I found the CamelCase implementation has been challenged already: https://github.com/Jermolene/TiddlyWiki5/issues/337

sukima commented 5 years ago

It isn't just unicode; numbers also are an issue. I expected Foo123Bar to linkify but alas it does not. TBH I found it just easier to not rely on the CamelCase feature and simply surround my links with [[ ]] anyway. This has the added advantage of capturing spaces (which my tiddlers look nicer when they have spaces anyway).

00SS commented 5 years ago

@michal-mike

The 3rd example is called a syslink (System Link) which is enabled by default, and can be switched off in the ControlPanel >> Info >> Advanced >> Parsing

It turns text starting with $:/x into a link (where x is a string of characters)

As for differently named links opening the same tiddler, Mario has made a uni-link plugin that does this using I believe aliases. I have not used it, but many others do.

From issue #337 :

I think it makes sense for the wikilink rules to be on the conservative side, as it is easier to explicitly link a text than it is to suppress a wiki link.

I switch off CamelCase linking in my wikis, and make all my links [[manually]]. Perfect control!

pmario commented 5 years ago

.... I switch off CamelCase linking in my wikis, and make all my links [[manually]]. Perfect control!

I think, this is the right approach, because we can't deal with all possible uni-code characters. There are 65000 of them.

mdrda commented 5 years ago

@00ss, @sukima: manual control over wikilinks seems to be the best answer to my concern, thanks @pmario: uni-link plug-in for topic name aliasing does solve my concern over declension. Very elegant imo. Nothing left to say other than thanks for your inputs? One thing maybe:

00SS commented 5 years ago

Just in case you are not aware, CamelCase is turned off in the ControlPanel >> Settings It is the first setting at the top, and you have to save and reload your TiddlyWiki for it to take effect. If you feel your issue is solved or unsolvable, do consider closing this issue. Hope you're also aware of https://groups.google.com/forum/#!forum/tiddlywiki

mdrda commented 5 years ago

It has been mostly resolved by workarounds availability based on manual control. Remaining part is the last one mentioned:

The first CamelCase expression produces an inconsistent wikilink broken after "a" considering "ř" a delimiter such as space, which seems inconsistent. Second expression does not produce wikilink which appears more consistent; expected because of presence of accented chars Expected outcome: either both of these cases of CamelCase composed words are not treated as wikilinks or both are (unlikely the case because of the explanations given above). Actual outcome: CamelCase acting strange The only true workaround is turning off CamelCase which is defeating its purpose.

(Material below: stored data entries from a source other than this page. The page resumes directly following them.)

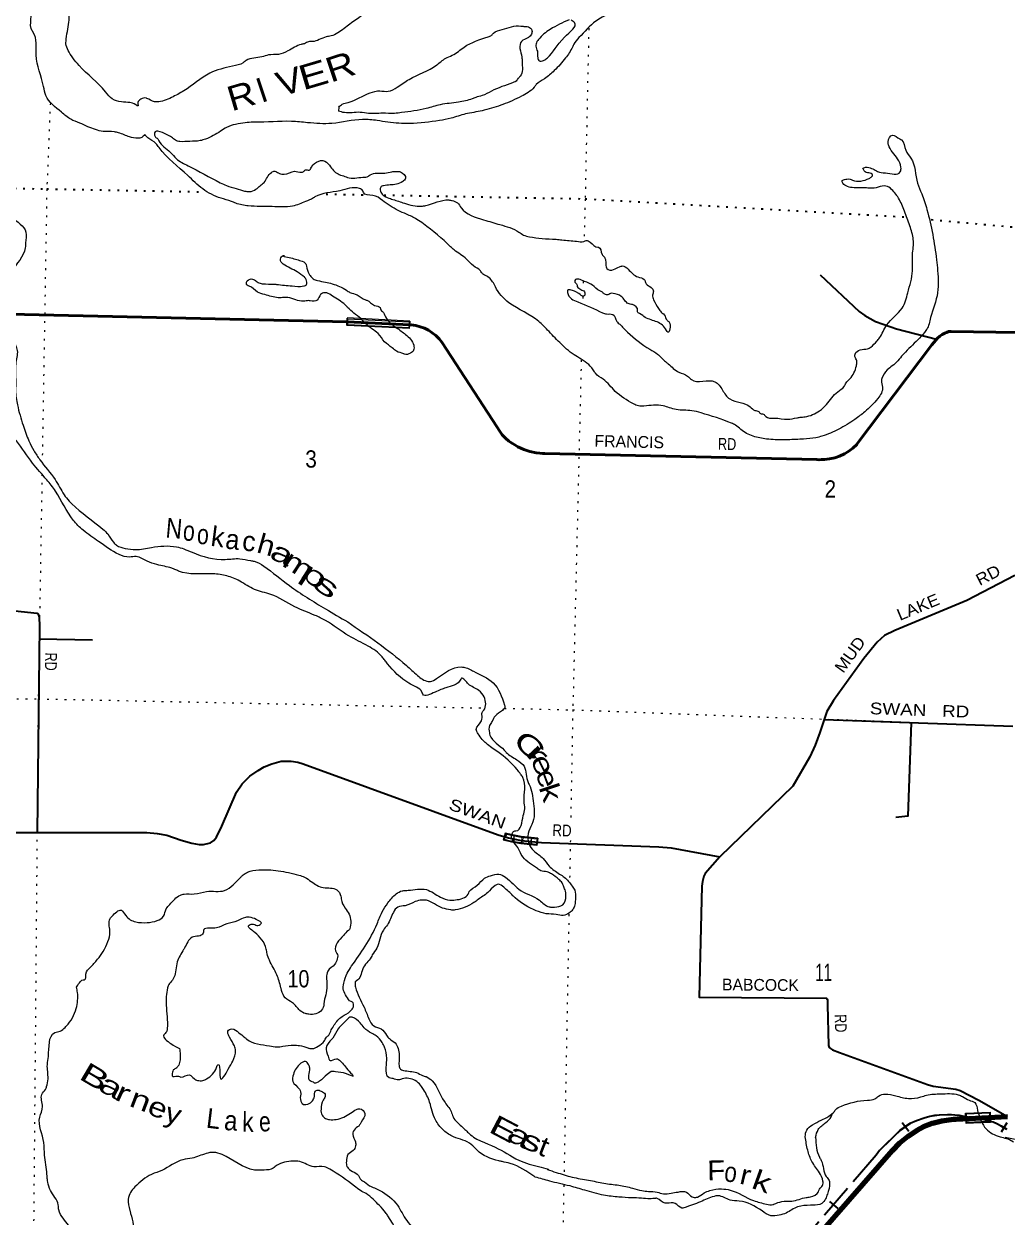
# Model space of a CAD drawing. Header units: feet. Extents: x -493433 to -244333, y 184684 to 373072.
# Drawn here: x -316036 to -306000, y 348789 to 360969 of the extents above; entities that cross this region are included whole.
import ezdxf

# ---------------------------------------------------------------- set-up
doc = ezdxf.new("R2010")
doc.units = ezdxf.units.FT
doc.header["$LTSCALE"] = 60
doc.linetypes.add('DOTTED', pattern=[1.5, 0.3, -1.2])
doc.linetypes.add('LONG_DASHED', pattern=[7.5, 6, -1.5])
for name, color, linetype, lineweight in [('23', 7, 'Continuous', 70), ('26', 7, 'Continuous', 40), ('27', 7, 'Continuous', 13), ('29', 7, 'Continuous', 25), ('30', 7, 'Continuous', 13), ('31', 7, 'Continuous', 13), ('34', 7, 'Continuous', 13), ('39', 7, 'Continuous', 13), ('41', 7, 'Continuous', 13), ('59', 7, 'Continuous', 13), ('6', 7, 'DOTTED', 25), ('63', 7, 'Continuous', 25), ('7', 7, 'DOTTED', 13)]:
    doc.layers.add(name, color=color, linetype=linetype, lineweight=lineweight)

msp = doc.modelspace()

# ---------------------------------------------------------------- linework, layer by layer
at = {"layer": '23'}
msp.add_lwpolyline([(-308357.81, 348107.11), (-307170.73, 349468.59), (-307094.38, 349546.85), (-307010.27, 349616.7), (-306919.32, 349677.37), (-306849.86, 349715.14), (-306760.02, 349748.53), (-306667.17, 349772.35), (-306572.35, 349786.33), (-306571.34, 349786.41), (-306545.92, 349788.43), (-306521.34, 349789.8), (-306450.29, 349793.75), (-305996.95, 349814.48)], dxfattribs=at)
at = {"layer": '26', "lineweight": 13}
for p, q in [((-312737.86, 357890.59), (-312735.4, 357966.2)), ((-312100.5, 357858.84), (-312737.27, 357890.59)), ((-312095.39, 357935.07), (-312735.64, 357967)), ((-312099.15, 357859.61), (-312096.71, 357895.26))]:
    msp.add_line(p, q, dxfattribs=at)
at = {"layer": '26'}
for p, q in [((-312736.96, 357927.95), (-312096.57, 357897.35)), ((-312096.57, 357897.35), (-312097.36, 357897.41))]:
    msp.add_line(p, q, dxfattribs=at)
for points in [[(-312736.96, 357927.95), (-316179.66, 358006.71), (-316205.82, 358007.31)], [(-305886.85, 357818.14), (-306570.28, 357828.72), (-306595.3, 357829.11), (-306620.28, 357819.76), (-306636.31, 357812.99), (-306662.49, 357798.54), (-306687.02, 357781.44), (-306709.63, 357761.87), (-306728.98, 357741.19), (-306747.52, 357716.96), (-306766.98, 357691.19), (-307532.65, 356677.58), (-307534.23, 356675.93), (-307573.17, 356639.56), (-307615.7, 356607.45), (-307661.35, 356579.97), (-307709.62, 356557.41), (-307759.99, 356540.02), (-307811.9, 356527.99), (-307864.78, 356521.45), (-307893.05, 356520.94), (-307918.3, 356520.48), (-307943.05, 356521.03), (-310718.82, 356583.3), (-310743.71, 356583.86), (-310768.82, 356586.68), (-310806.77, 356590.95), (-310870.92, 356604.96), (-310933.26, 356625.59), (-310993.09, 356652.62), (-311024.78, 356671.15), (-311049.86, 356685.82), (-311074.78, 356703.38), (-311085.1, 356710.66), (-311120.58, 356741.44), (-311152.65, 356775.75), (-311180.95, 356813.23), (-311205.18, 356853.46), (-311769.17, 357719.91), (-311798.59, 357755.5), (-311831.57, 357787.82), (-311867.75, 357816.52), (-311906.73, 357841.28), (-311948.09, 357861.83), (-311991.36, 357877.94), (-312036.09, 357889.45), (-312081.77, 357896.21), (-312096.57, 357897.35)]]:
    msp.add_lwpolyline(points, dxfattribs=at)
at = {"layer": '26', "lineweight": 13}
for points in [[(-312729.6, 357898.22), (-312727.64, 357958.58), (-312102.53, 357927.41), (-312104.55, 357897.89)], [(-312104.69, 357895.8), (-312106.65, 357867.16), (-312729.6, 357898.22)], [(-312074.57, 357894.16), (-312096.71, 357895.26), (-312096.57, 357897.35), (-312093.99, 357935.09)]]:
    msp.add_lwpolyline(points, dxfattribs=at)
at = {"layer": '29'}
for p, q in [((-315878.29, 354693.2), (-315335.44, 354682.57)), ((-307867.6, 353869.41), (-305942.1, 353801.63))]:
    msp.add_line(p, q, dxfattribs=at)
for points in [[(-307908.74, 358407.62), (-307508.46, 358032.38), (-307453.54, 357992.19), (-307342.4, 357931.93), (-307185.54, 357875.16), (-307129.99, 357854.66), (-306720.64, 357750.35)], [(-317209.96, 356829), (-317221.57, 355162.85), (-317211.81, 355125.2), (-317175.19, 355093.27), (-317105.82, 355078.42), (-315898.89, 354953.52), (-315893.24, 354950.23), (-315888.41, 354942.5), (-315880.68, 354912.54), (-315876.81, 354820.73), (-315901.23, 352713.91)], [(-305920.97, 355337.78), (-306412.04, 355082.01), (-307145.43, 354777.35), (-307252.11, 354725.07), (-307326.94, 354657.58), (-307463.37, 354490.37), (-307771.06, 354062.59), (-307841, 353951.44), (-307912.48, 353735.62), (-307960.29, 353606.69), (-308012.99, 353486.24), (-308187.34, 353186.23), (-308932.54, 352466.6)], [(-306977.55, 353838.08), (-307012.73, 352880.84), (-307136.17, 352869.63)], [(-318569.31, 352715.49), (-314780.26, 352713.24), (-314674.92, 352705.65), (-314575.57, 352686.2), (-314430.1, 352635.48), (-314320.68, 352605.06), (-314247.3, 352593.47), (-314202.82, 352593.91), (-314131.43, 352608.93), (-314096.68, 352632.11), (-314069.64, 352666.88), (-314014.9, 352778.82), (-313865.7, 353127.75), (-313807.02, 353211.64), (-313728.78, 353289.68), (-313644.82, 353346.87), (-313583.02, 353385.5), (-313505.78, 353416.41), (-313410.33, 353441.32), (-313308.82, 353443.45), (-313239.3, 353431.86), (-313186.72, 353415.95), (-311195.47, 352692.72), (-311088.41, 352659.15), (-310960.97, 352634.04), (-310752.92, 352613.9), (-309554.28, 352569.75), (-309427.81, 352556.77), (-308932.54, 352466.6)], [(-308932.54, 352466.6), (-309081.75, 352296.9), (-309095.68, 352268.93), (-309109.2, 352214.84), (-309114.97, 352166.78), (-309142.34, 351035.64), (-307844.02, 351023.39), (-307837.14, 351014.86), (-307833.27, 351003.26), (-307833.44, 350954.68), (-307821.68, 350539.36), (-307814.88, 350521.27), (-307802.35, 350510.36), (-307781.1, 350496.83), (-307711, 350470.51), (-306811.16, 350141.18), (-306755.38, 350125.94), (-306521.82, 350094.29), (-306478.84, 350081.26), (-306290.06, 349982.14), (-305996.95, 349814.48)]]:
    msp.add_lwpolyline(points, dxfattribs=at)
at = {"layer": '31'}
for p, q in [((-311124.66, 352709.59), (-311142.08, 352636.65)), ((-311132.43, 352642.57), (-311118.73, 352699.95)), ((-310788.54, 352656.32), (-310798.44, 352581.98))]:
    msp.add_line(p, q, dxfattribs=at)
for points in [[(-310798.44, 352581.98), (-310962.89, 352600.79), (-311057.88, 352616.54), (-311142.08, 352636.65)], [(-310805.32, 352590.82), (-310961.78, 352608.72), (-311056.29, 352624.39), (-311132.43, 352642.57)], [(-310788.54, 352656.32), (-310958.58, 352674.2), (-311044.18, 352690.38), (-311124.66, 352709.59)], [(-311118.73, 352699.95), (-311045.85, 352682.55), (-310959.74, 352666.28), (-310797.55, 352649.22), (-310805.32, 352590.82)]]:
    msp.add_lwpolyline(points, dxfattribs=at)
at = {"layer": '31', "linetype": 'DOTTED', "lineweight": 100}
msp.add_arc((-310699.76, 354306.61), 1690.06, 255.1337, 266.82082, dxfattribs=at)
at = {"layer": '34'}
msp.add_lwpolyline([(-304717.17, 349345.58), (-304915.31, 349384.32), (-306020.4, 349602.15)], dxfattribs=at)
at = {"layer": '39'}
for p, q in [((-312821.9, 360119.91), (-312824.19, 360079.52)), ((-305933.81, 349552.42), (-306000.17, 349591.74))]:
    msp.add_line(p, q, dxfattribs=at)
for points in [[(-314967.5, 363185.97), (-315055.97, 363239.04), (-315275.58, 363311.09), (-315452.95, 363358.64), (-315527.59, 363367.19), (-315719.54, 363350.17), (-315842.62, 363363.04), (-315979.94, 363359.83), (-316131.72, 363312.27), (-316220.93, 363258.25), (-316287.99, 363196.02), (-316375.4, 363109.67), (-316430.15, 363075.65), (-316432.27, 363059.5), (-316519.62, 362983.25), (-316568.8, 362878.49), (-316578.98, 362866.43), (-316585.02, 362868.48), (-316578.98, 362866.43), (-316585.02, 362868.48), (-316578.98, 362866.43), (-316585.02, 362868.48), (-316591.74, 362771.54), (-316608.04, 362749.41), (-316614.2, 362735.31), (-316624.31, 362733.34), (-316636.71, 362690.99), (-316779.81, 362433.23), (-316808.3, 362401.08), (-316847.11, 362334.64), (-316865.52, 362300.41), (-316908.52, 362213.78), (-317059.47, 361988.4), (-317085.91, 361960.27), (-317132.98, 361867.62), (-317165.6, 361823.36), (-317276.51, 361547.23), (-317278.82, 361504.81), (-317272.84, 361492.66), (-317333.66, 361161.66), (-317350.43, 361070.84), (-317351.06, 360977.9), (-317367.71, 360905.27), (-317380.7, 360776.04), (-317379.34, 360679.04), (-317381.6, 360644.72), (-317364.88, 360432.46), (-317347.27, 360347.5), (-317326.34, 360161.48), (-317314.45, 360127.07), (-317276.73, 360033.89), (-317232.85, 359954.83), (-317241.73, 359835.67), (-317238.58, 359706.35), (-317235.64, 359544.69), (-317214.43, 359397.07), (-317219.63, 359227.38), (-317217.8, 359199.08), (-317216.05, 359160.69), (-317230.58, 359102.18), (-317250.01, 358916.42), (-317288.97, 358829.78), (-317405.11, 358674.9), (-317524.87, 358582.69), (-317682.88, 358506.87), (-317772.13, 358446.8), (-317875.37, 358407.02), (-317978.72, 358353.09), (-318041.49, 358327.2), (-318128.46, 358305.51), (-318140.68, 358289.42), (-318258.26, 358219.41), (-318304.83, 358201.52), (-318460.54, 358166.09), (-318474.66, 358168.2), (-318539.43, 358146.37), (-318626.35, 358130.73), (-318689.12, 358104.84), (-318804.41, 358075.23), (-319022.56, 358062.41), (-319382.34, 358008.02), (-319620.67, 357995.32), (-319747.87, 357996.09), (-319982.38, 357953.06), (-320289.88, 357866.02), (-320389.34, 357787.83), (-320391.43, 357777.73), (-320438.17, 357733.57), (-320462.46, 357725.63), (-320507.12, 357689.53), (-320523.45, 357663.37), (-320654.4, 357409.58), (-320711.93, 357262.44), (-320816.35, 357048.9), (-320871.59, 356942.16), (-320933.9, 356685.94), (-320942.84, 356558.71)], [(-311463.37, 362128.06), (-311605.73, 361979.42), (-311622.08, 361951.23), (-311640.42, 361925.07), (-311670.96, 361888.89), (-311687.37, 361850.6), (-311766.93, 361733.9), (-311799.54, 361687.63), (-311842.23, 361647.48), (-311899.51, 361538.72), (-311915.9, 361504.47), (-311911.93, 361494.35), (-311920.19, 361468.13), (-311914.2, 361457.99), (-311934.59, 361427.81), (-312033.91, 361373.86), (-312767.94, 360921.72), (-312899.71, 360845.75), (-312950.25, 360835.95), (-313091.92, 360788.32), (-313130.3, 360786.54), (-313172.84, 360766.59), (-313205.2, 360758.71), (-313340.93, 360692.86), (-313438.1, 360657.08), (-313539.09, 360651.64), (-313607.88, 360631.85), (-313765.62, 360596.44), (-313798.08, 360572.39), (-313905.34, 360536.68), (-314138.04, 360465.37), (-314403.78, 360285.14), (-314529.44, 360217.21), (-314679.16, 360171.65), (-314701.36, 360173.81), (-314781.89, 360208.64), (-314787.93, 360210.7), (-314816.2, 360210.87), (-314862.83, 360182.87), (-314873.16, 360148.59), (-314869.23, 360132.4), (-314893.38, 360142.65), (-314955.83, 360165.25), (-315040.57, 360173.85), (-315133.26, 360202.7), (-315201.41, 360275.86), (-315472.16, 360544.21), (-315536.24, 360623.39), (-315584.18, 360698.45), (-315605.94, 360765.25), (-315605.75, 360793.54), (-315576.16, 360985.31), (-315579, 361161.1), (-315560.75, 361468.11), (-315569.95, 361599.49), (-315599.6, 361692.62), (-315645.39, 361789.88), (-315664.77, 361907.19), (-315700.44, 362006.41), (-315771.87, 362190.71), (-315787.92, 362206.97), (-315804.1, 362203.03), (-315809.88, 362243.47), (-315829.71, 362296.13), (-315831.59, 362316.34), (-315819.3, 362342.54), (-315770.42, 362402.86), (-315749.82, 362463.34), (-315763.5, 362530.1), (-315777.51, 362548.38), (-315809.54, 362588.98), (-316071.41, 362679.47), (-316192.54, 362682.23), (-316283.38, 362686.82), (-316458.69, 362738.4), (-316472.64, 362766.78), (-316524.99, 362789.31), (-316520.7, 362825.66), (-316443.11, 362952.48), (-316430.88, 362968.57), (-316379.95, 363034.94), (-316329.14, 363083.12), (-316270.32, 363121.16), (-316160.94, 363173.02), (-315946.28, 363262.65), (-315857.36, 363274.22), (-315685.78, 363267.12), (-315538.56, 363239.96), (-315343.15, 363174.11), (-315210.3, 363112.69), (-315172.11, 363086.19), (-315123.77, 363069.73), (-314911.9, 363048.24), (-314909.56, 363094.69), (-314913.45, 363116.95), (-314923.35, 363145.29), (-314967.5, 363185.97)], [(-314802.59, 359839.03), (-314833.08, 359808.91), (-314871.49, 359801.06), (-314958.21, 359815.73), (-315068.99, 359856.82), (-315111.32, 359867.18), (-315226.37, 359871.92), (-315381.53, 359919.33), (-315466.08, 359956.21), (-315556.68, 359995.15), (-315653.09, 360068.48), (-315811.46, 360237.14), (-315835.06, 360330.23), (-315909.58, 360651.93), (-315940.32, 360882.46), (-315950.31, 360896.65), (-315963.65, 361013.93), (-315971.96, 361274.62), (-315995.83, 361329.32), (-315998.77, 361488.95), (-316064.03, 361691.4), (-316111.81, 361790.69), (-316197.66, 361932.65), (-316267.71, 362024), (-316352.1, 362085.14), (-316382.29, 362099.46), (-316521.42, 362126.57), (-316571.9, 362126.87), (-316719.78, 362057.05), (-316750.25, 362030.98), (-316760.4, 362022.96), (-316866.27, 361894.29), (-316897.26, 361791.43), (-316914.29, 361662.22), (-316931.17, 361260.24), (-316883.12, 360904.35), (-316882.07, 360762.91), (-316871.14, 360587.06), (-316836.43, 360348.43), (-316829.15, 360231.2), (-316732.8, 359852.79), (-316703.55, 359699.06), (-316672.05, 359581.67), (-316664.43, 359514.95), (-316677.53, 359369.56), (-316676.01, 359296.81), (-316670.04, 359282.64), (-316697.18, 359153.5), (-316687.18, 359139.29), (-316652.95, 359124.94), (-316622.66, 359124.76), (-316570.2, 359120.4), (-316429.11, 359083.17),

00SS commented 5 years ago

I believe CamelCase is still enabled by default in TiddlyWiki as a remnant from early days. Discussion on having it on/off may lead to disabling it by default.

Your present issue and the below statement might be another reason to do so.

I think, this is the right approach, because we can't deal with all possible uni-code characters. There are 65000 of them.

Also ...

Wiki link markup

Camel case is used in some wiki markup languages for terms that should be automatically linked to other wiki pages. This convention was originally used in Ward Cunningham's original wiki software, WikiWikiWeb, and can be activated in most other wikis. Some wiki engines such as TiddlyWiki, Trac and PmWiki make use of it in the default settings, but usually also provide a configuration mechanism or plugin to disable it. Wikipedia formerly used camel case linking as well, but switched to explicit link markup using square brackets and many other wiki sites have done the same.

Personally I feel that even syslinks should be off by default.